Il faut camoufler l’intérieur des églises en transatlantiques et les transatlantiques en choux à la crème, faire sortir des statues de la mer et leur faire réciter des vers au passage des paquebots, se promener tout nu pour se mettre en smoking en rentrant chez soi ; (...)
L’existence n’est véritablement tolérable qu’à la condition de vivre au milieu de gens n’ayant aucune arrière-pensée, pas d’opportunistes, mais c’est demander l’impossible... »

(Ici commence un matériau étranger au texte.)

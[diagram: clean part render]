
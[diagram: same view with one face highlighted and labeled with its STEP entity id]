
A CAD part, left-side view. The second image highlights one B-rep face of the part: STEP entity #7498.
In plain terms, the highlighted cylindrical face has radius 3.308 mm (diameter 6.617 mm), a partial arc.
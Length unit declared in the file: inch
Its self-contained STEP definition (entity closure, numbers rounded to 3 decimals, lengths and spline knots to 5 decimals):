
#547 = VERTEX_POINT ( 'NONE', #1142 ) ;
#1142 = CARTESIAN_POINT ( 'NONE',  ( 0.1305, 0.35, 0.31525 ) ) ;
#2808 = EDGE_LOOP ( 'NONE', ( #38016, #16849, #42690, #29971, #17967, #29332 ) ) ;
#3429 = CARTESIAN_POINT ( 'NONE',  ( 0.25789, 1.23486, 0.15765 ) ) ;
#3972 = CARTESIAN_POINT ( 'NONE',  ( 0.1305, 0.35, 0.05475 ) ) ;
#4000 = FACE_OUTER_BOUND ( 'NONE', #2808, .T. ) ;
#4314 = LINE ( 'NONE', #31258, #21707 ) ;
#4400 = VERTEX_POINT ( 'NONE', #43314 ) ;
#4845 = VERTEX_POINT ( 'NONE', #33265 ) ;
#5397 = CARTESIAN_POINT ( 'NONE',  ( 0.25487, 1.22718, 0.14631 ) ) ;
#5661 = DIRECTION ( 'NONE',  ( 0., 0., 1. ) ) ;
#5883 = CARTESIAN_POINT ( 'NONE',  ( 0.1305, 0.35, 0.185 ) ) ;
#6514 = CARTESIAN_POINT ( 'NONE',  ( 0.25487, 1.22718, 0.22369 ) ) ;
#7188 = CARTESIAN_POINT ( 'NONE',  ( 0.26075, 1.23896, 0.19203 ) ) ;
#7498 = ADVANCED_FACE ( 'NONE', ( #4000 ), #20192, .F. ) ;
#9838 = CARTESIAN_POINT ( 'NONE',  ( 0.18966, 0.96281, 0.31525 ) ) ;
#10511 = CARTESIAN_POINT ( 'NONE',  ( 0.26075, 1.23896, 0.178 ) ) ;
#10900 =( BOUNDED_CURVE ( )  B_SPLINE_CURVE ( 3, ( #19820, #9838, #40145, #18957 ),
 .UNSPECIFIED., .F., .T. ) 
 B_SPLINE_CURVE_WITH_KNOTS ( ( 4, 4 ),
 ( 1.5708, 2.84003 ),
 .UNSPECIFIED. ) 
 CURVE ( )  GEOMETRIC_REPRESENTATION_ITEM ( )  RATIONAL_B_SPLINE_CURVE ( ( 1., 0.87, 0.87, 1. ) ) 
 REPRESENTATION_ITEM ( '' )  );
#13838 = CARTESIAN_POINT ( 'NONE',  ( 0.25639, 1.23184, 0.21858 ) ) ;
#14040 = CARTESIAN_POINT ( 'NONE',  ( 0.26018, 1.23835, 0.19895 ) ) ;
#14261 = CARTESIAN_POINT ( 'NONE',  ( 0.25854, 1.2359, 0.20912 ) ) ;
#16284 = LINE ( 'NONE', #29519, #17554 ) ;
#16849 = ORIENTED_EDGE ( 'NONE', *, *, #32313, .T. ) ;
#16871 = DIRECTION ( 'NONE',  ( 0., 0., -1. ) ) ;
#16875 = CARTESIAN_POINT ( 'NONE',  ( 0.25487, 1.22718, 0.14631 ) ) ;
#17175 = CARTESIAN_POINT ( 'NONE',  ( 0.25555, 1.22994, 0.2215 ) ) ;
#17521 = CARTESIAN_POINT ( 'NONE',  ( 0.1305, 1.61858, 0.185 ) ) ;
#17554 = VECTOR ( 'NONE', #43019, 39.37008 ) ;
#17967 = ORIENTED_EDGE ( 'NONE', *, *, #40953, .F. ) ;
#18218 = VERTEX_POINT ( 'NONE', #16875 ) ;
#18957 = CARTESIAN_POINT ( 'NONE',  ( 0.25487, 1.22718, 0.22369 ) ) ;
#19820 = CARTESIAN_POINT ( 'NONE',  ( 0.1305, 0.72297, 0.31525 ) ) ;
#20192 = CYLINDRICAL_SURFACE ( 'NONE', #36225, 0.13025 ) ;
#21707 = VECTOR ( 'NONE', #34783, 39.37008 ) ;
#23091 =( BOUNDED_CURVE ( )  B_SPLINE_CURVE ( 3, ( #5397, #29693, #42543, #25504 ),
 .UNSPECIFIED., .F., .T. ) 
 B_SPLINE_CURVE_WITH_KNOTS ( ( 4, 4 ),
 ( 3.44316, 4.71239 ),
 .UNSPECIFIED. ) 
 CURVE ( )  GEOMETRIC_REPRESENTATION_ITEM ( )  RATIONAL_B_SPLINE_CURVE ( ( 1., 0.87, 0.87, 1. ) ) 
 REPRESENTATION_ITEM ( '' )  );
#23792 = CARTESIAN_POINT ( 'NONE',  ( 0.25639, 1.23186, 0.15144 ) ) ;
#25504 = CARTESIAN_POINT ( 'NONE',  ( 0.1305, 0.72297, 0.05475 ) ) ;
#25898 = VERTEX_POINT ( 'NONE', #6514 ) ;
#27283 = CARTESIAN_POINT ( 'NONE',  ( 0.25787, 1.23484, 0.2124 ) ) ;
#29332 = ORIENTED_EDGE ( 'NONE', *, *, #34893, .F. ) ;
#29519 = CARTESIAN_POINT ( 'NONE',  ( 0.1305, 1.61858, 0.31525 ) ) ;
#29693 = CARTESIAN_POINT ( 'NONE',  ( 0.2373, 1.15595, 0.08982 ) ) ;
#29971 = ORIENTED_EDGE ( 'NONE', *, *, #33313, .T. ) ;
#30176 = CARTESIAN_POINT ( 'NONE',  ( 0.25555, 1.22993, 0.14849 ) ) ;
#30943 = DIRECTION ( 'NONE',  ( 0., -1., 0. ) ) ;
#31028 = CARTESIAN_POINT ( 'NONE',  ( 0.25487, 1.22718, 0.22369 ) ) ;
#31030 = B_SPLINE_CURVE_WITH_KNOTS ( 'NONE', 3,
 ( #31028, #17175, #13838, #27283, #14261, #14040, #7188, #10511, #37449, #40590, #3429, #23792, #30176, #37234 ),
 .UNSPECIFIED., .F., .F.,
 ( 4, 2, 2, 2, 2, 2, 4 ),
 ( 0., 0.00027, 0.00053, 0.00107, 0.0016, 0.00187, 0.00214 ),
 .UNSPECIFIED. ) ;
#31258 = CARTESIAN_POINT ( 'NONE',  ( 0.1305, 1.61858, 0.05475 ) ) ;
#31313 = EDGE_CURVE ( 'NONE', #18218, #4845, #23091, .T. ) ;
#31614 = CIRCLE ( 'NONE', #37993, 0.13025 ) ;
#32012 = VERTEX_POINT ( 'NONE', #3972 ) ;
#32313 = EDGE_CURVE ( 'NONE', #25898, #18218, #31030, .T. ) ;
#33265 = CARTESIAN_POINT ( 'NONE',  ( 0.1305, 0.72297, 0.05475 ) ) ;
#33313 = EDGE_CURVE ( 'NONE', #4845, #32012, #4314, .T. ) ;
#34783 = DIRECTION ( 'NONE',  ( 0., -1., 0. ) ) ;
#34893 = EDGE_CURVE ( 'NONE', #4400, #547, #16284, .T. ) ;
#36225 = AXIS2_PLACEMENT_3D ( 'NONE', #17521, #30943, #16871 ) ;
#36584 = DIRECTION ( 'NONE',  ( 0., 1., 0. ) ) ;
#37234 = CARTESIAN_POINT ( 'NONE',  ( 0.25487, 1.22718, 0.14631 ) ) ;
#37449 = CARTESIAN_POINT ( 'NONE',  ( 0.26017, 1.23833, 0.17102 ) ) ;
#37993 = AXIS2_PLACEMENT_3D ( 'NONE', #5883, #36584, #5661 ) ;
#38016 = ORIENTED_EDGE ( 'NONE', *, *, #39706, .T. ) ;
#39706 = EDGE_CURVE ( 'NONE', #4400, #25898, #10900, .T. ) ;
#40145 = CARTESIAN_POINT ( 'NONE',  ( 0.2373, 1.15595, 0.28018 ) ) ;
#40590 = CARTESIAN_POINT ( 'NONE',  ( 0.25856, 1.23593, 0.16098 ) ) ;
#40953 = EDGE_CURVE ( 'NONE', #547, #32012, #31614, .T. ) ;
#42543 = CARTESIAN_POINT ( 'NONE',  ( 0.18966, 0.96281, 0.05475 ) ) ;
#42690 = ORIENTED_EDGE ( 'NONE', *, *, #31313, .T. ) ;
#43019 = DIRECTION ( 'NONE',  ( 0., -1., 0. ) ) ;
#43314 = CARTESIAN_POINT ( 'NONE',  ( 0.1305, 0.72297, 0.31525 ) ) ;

(Extrait de Ecrits critiques, pp. 81-82)
Enfin, on ne peut qu’attirer l’attention du lecteur sur les textes peu connus liés aux spectacles fameux de Picabia, Relâche et Entr’acte réalisé par René Clair (ainsi que les précieux éclaircissements de Carole Boulbès qui ponctuent chacune des parties du livre).
La mise en garde de Carole Boulbès vaut tous les conseils de lecture : « un Picabia peut toujours en cacher un autre ». Ce qui se cache, ce qui reste encore à découvrir, c’est Caravansérail, ce roman de 1924, cet ovni littéraire vachard qui vient mordre les jarrets du surréalisme naissant dans un esprit à jamais dada, livre qui commence ainsi :
« Voyez-vous, mon vieux, un panier de pommes de pin m’a toujours été plus sympathique à regarder qu’un Rembrandt. »
(Extrait de Caravansérail, Paris, Belfond, 1974, p. 21)
Pour un bel été dada, la lecture des volumes Poèmes et Ecrits critiques sont une nécessité vitale et la seule crème véritablement protectrice contre les violences imbéciles du temps.